Wednesday, August 09, 2006

On Wisconsin

As cooler air arrives in my lungs, I find my spirit and thoughts turn towards feelings of domesticity, of clarity, patience, and the warm glow that emanates from a well-mowed lawn. Yes, Wisconsin has much to offer this wandering family of souls. Wisconsin has arrived in our lives bearing gifts of such foreign nouns as shelving, comforter, weeds, unfinished basement. Things unthought of now fill our waking lives, and our eyes are opened to the high-gloss sheen of modernity.

There is so much more to want than I had remembered.

It is the new American way. To want, rather than need.

And I am loooooving it! We are within minutes, I mean single digit minutes, of the following establishments:
WalMart
Home Depot
Staples
Radio Shack
Piggly Wiggly
Family Dollar
McDonald's
Culver's Butter Burgers
Appleby's

This is what Francis Scott Key was singing about. This is the dream that our forefathers dreamt for us. Especially Thomas Jefferson. His dearest hope was that America would become even more delicious, convenient and appealingly named. America is within driving distance, and my definition of within is widening with my confidence in my way of life. I am a burgeoning American. We are growing as a people, and you can see it in the uniformity of our lawns and the indestructibility of our homes' siding. We are a plastic-sheathed people and we love each other for it. We are afraid, but we are safe. That makes us the safest of travelers on this road we call life. Alert, but armed.

Hats off to the mainland. It's good to be back.

Sunday, April 16, 2006

On Frivolity

I have noticed of late, and really, since my day of initial consciousness, a day marked by boiled, mashed bananas and a high chair with a silver tray, that the world we live in is saturated in some brand of frivolity that causes the wicked to reign supreme while the good are busy twiddling their thumbs in a cartoonish manner.

There must be laughter, yes. There absolutely must. But the laughter must wait until the corrupt and those motivated by greed and power are ultimately halted, restrained. Until the world's quests for an end to hunger, the ultimate consummation of world peace, and the end to poverty are finished, there shall be no laughter in the Birdonnell home. That was part of the speech I wrote for my proposal of marriage to one Ms. Lori Birdonnell, and may I drop dead of an ulcerated toenail if ever I betray this statement in word, thought, or deed.

I have read the great philosophers of my day and those that passed before my arrival on this whirling dervish we call earth, and these are my conclusions regarding frivolity and the nature of mandkind:
1.) The ethereal undercurrents that sublimate our each and every desire demand of us seriousness and grimaces of unlimited width and sustenance.
2.) These same ethereal undercurrents are born of the will to bore those who smile with the palpitations of a dying spirit.
3.) It is better to consume the iniquity of the child in the flames of plastic building blocks than to allow such iniquity to get the better of the parental spirit of grim realism.
4.) I can't believe you're still reading.

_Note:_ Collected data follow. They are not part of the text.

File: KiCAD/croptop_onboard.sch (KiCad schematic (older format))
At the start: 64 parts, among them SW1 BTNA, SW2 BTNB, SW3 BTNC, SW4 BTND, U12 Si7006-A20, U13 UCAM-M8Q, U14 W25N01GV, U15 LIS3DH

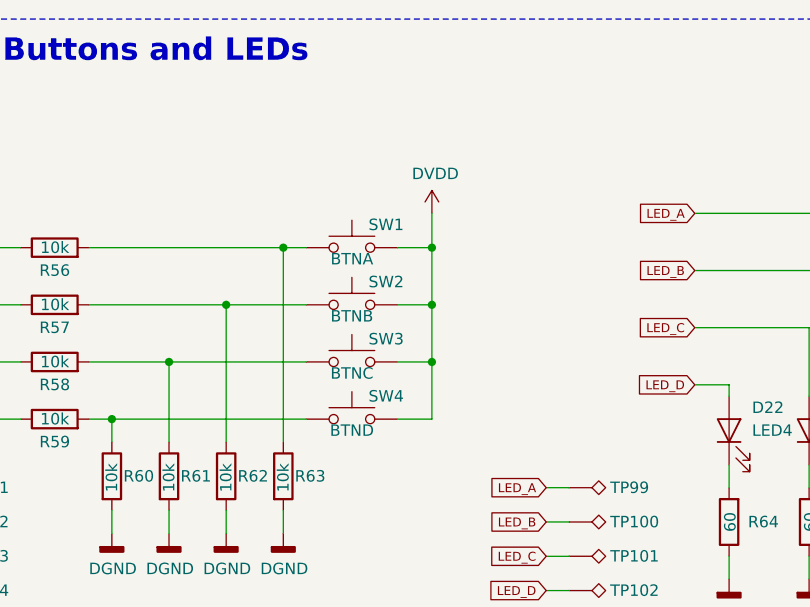
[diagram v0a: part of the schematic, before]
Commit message: Got to PCB layout
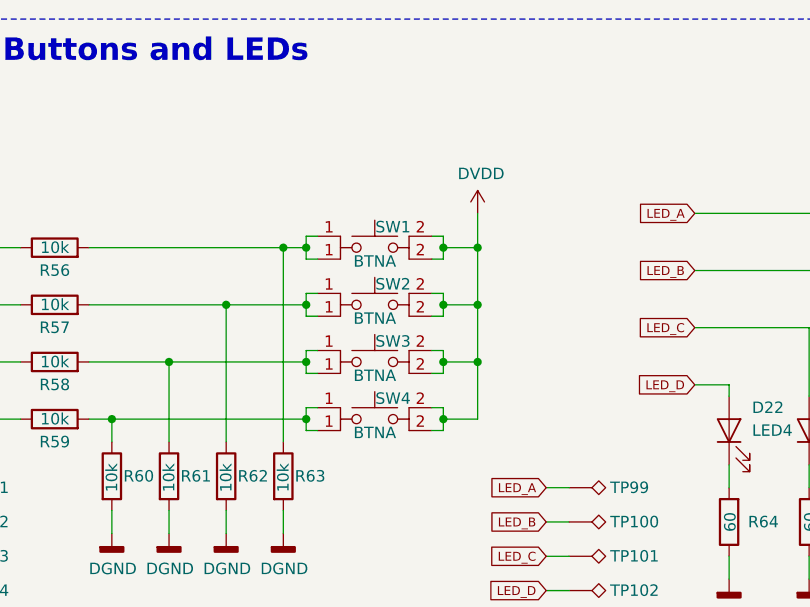
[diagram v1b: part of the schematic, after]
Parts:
- removed SW1: BTNA, symbol Switch:SW_Push
- removed SW2: BTNB, symbol Switch:SW_Push
- removed SW3: BTNC, symbol Switch:SW_Push
- removed SW4: BTND, symbol Switch:SW_Push
- added SW1, SW2, SW3, SW4: BTNA, Button_Switch_SMD:SW_SPST_PTS645, symbol CropTop:SW_Push
- U12: footprint (none) -> croptop:SI7006
- U13: footprint (none) -> croptop:GPS
- U14: footprint (none) -> croptop:W25N01GV
- U15: footprint (none) -> Package_LGA:LGA-16_3x3mm_P0.5mm_LayoutBorder3x5y
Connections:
- net DVDD: now also SW1.2, SW2.2, SW3.2, SW4.2
- net at R59.2, R60.1: now also SW4.1
- net at R58.2, R61.1: now also SW3.1
- net at R57.2, R62.1: now also SW2.1
- net at R56.2, R63.1: now also SW1.1
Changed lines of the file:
@@
 F 0 "U13" H 2500 3125 50  0000 C CNN
 F 1 "UCAM-M8Q" H 2500 3034 50  0000 C CNN
-F 2 "" H 2450 3000 50  0001 C CNN
+F 2 "croptop:GPS" H 2450 3000 50  0001 C CNN
 F 3 "" H 2450 3000 50  0001 C CNN
 	1    2500 2150
@@
 F 0 "U15" H 6900 2950 50  0000 C CNN
 F 1 "LIS3DH" H 7450 2950 50  0000 C CNN
-F 2 "" H 7100 2050 50  0001 C CNN
+F 2 "Package_LGA:LGA-16_3x3mm_P0.5mm_LayoutBorder3x5y" H 7100 2050 50  0001 C CNN
 F 3 "" H 7100 2050 50  0001 C CNN
 	1    7200 2350
@@
 F 0 "U12" H 2050 7275 50  0000 C CNN
 F 1 "Si7006-A20" H 2050 7184 50  0000 C CNN
-F 2 "" H 2050 6950 50  0001 C CNN
+F 2 "croptop:SI7006" H 2050 6950 50  0001 C CNN
 F 3 "" H 2050 6950 50  0001 C CNN
 	1    2050 6950
@@
 F 0 "U14" H 2600 5217 50  0000 C CNN
 F 1 "W25N01GV" H 2600 5126 50  0000 C CNN
-F 2 "" H 2450 4600 50  0001 C CNN
+F 2 "croptop:W25N01GV" H 2450 4600 50  0001 C CNN
 F 3 "" H 2450 4600 50  0001 C CNN
 	1    2600 4800
@@
 	0    -1   -1   0
 $EndComp
-$Comp
-L Switch:SW_Push SW?
-U 1 1 5CA26BD2
-P 7200 4900
-AR Path="/5CA26BD2" Ref="SW?"  Part="1"
-AR Path="/66A201BE/5CA26BD2" Ref="SW?"  Part="1"
-AR Path="/66A12230/5CA26BD2" Ref="SW1"  Part="1"
-F 0 "SW1" H 7350 5000 50  0000 C CNN
-F 1 "BTNA" H 7200 4850 50  0000 C CNN
-F 2 "" H 7200 5100 50  0001 C CNN
-F 3 "" H 7200 5100 50  0001 C CNN
-	1    7200 4900
-	1    0    0    -1
-$EndComp
-$Comp
-L Switch:SW_Push SW?
-U 1 1 5CA26BD9
-P 7200 5150
-AR Path="/5CA26BD9" Ref="SW?"  Part="1"
-AR Path="/66A201BE/5CA26BD9" Ref="SW?"  Part="1"
-AR Path="/66A12230/5CA26BD9" Ref="SW2"  Part="1"
-F 0 "SW2" H 7350 5250 50  0000 C CNN
-F 1 "BTNB" H 7200 5100 50  0000 C CNN
-F 2 "" H 7200 5350 50  0001 C CNN
-F 3 "" H 7200 5350 50  0001 C CNN
-	1    7200 5150
-	1    0    0    -1
-$EndComp
-$Comp
-L Switch:SW_Push SW?
-U 1 1 5CA26BE0
-P 7200 5400
-AR Path="/5CA26BE0" Ref="SW?"  Part="1"
-AR Path="/66A201BE/5CA26BE0" Ref="SW?"  Part="1"
-AR Path="/66A12230/5CA26BE0" Ref="SW3"  Part="1"
-F 0 "SW3" H 7350 5500 50  0000 C CNN
-F 1 "BTNC" H 7200 5350 50  0000 C CNN
-F 2 "" H 7200 5600 50  0001 C CNN
-F 3 "" H 7200 5600 50  0001 C CNN
-	1    7200 5400
-	1    0    0    -1
-$EndComp
-$Comp
-L Switch:SW_Push SW?
-U 1 1 5CA26BE7
-P 7200 5650
-AR Path="/5CA26BE7" Ref="SW?"  Part="1"
-AR Path="/66A201BE/5CA26BE7" Ref="SW?"  Part="1"
-AR Path="/66A12230/5CA26BE7" Ref="SW4"  Part="1"
-F 0 "SW4" H 7350 5750 50  0000 C CNN
-F 1 "BTND" H 7200 5600 50  0000 C CNN
-F 2 "" H 7200 5850 50  0001 C CNN
-F 3 "" H 7200 5850 50  0001 C CNN
-	1    7200 5650
-	1    0    0    -1
-$EndComp
-Wire Wire Line
-	7550 4750 7550 4900
-Wire Wire Line
-	7550 5650 7400 5650
-Wire Wire Line
-	7550 5400 7400 5400
-Connection ~ 7550 5400
-Wire Wire Line
-	7550 5400 7550 5650
-Wire Wire Line
-	7400 5150 7550 5150
-Connection ~ 7550 5150
-Wire Wire Line
-	7550 5150 7550 5400
-Wire Wire Line
-	7400 4900 7550 4900
-Connection ~ 7550 4900
-Wire Wire Line
-	7550 4900 7550 5150
+Wire Wire Line
+	7750 4750 7750 4900
+Wire Wire Line
+	7750 5650 7600 5650
+Wire Wire Line
+	7750 5400 7600 5400
+Connection ~ 7750 5400
+Wire Wire Line
+	7750 5400 7750 5650
+Wire Wire Line
+	7600 5150 7750 5150
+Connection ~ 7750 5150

With that in mind, it is easy to understand why this is a site filled with the nuanced observations of and by a family by its member-parts, as we call them around the old Birdonnell family campfire. As always, I conclude with a quote from the great Whig himself, Thurlow Weed:
"Catherine, today I met a man named Felicity Hogg, and I'll never forget his blonde mustache or the unsettling manner in which he shakes your hand. I will discuss this later."

Monday, April 10, 2006

On Being Abducted

To continue from the family blog, an explanation as to the delay in my writing...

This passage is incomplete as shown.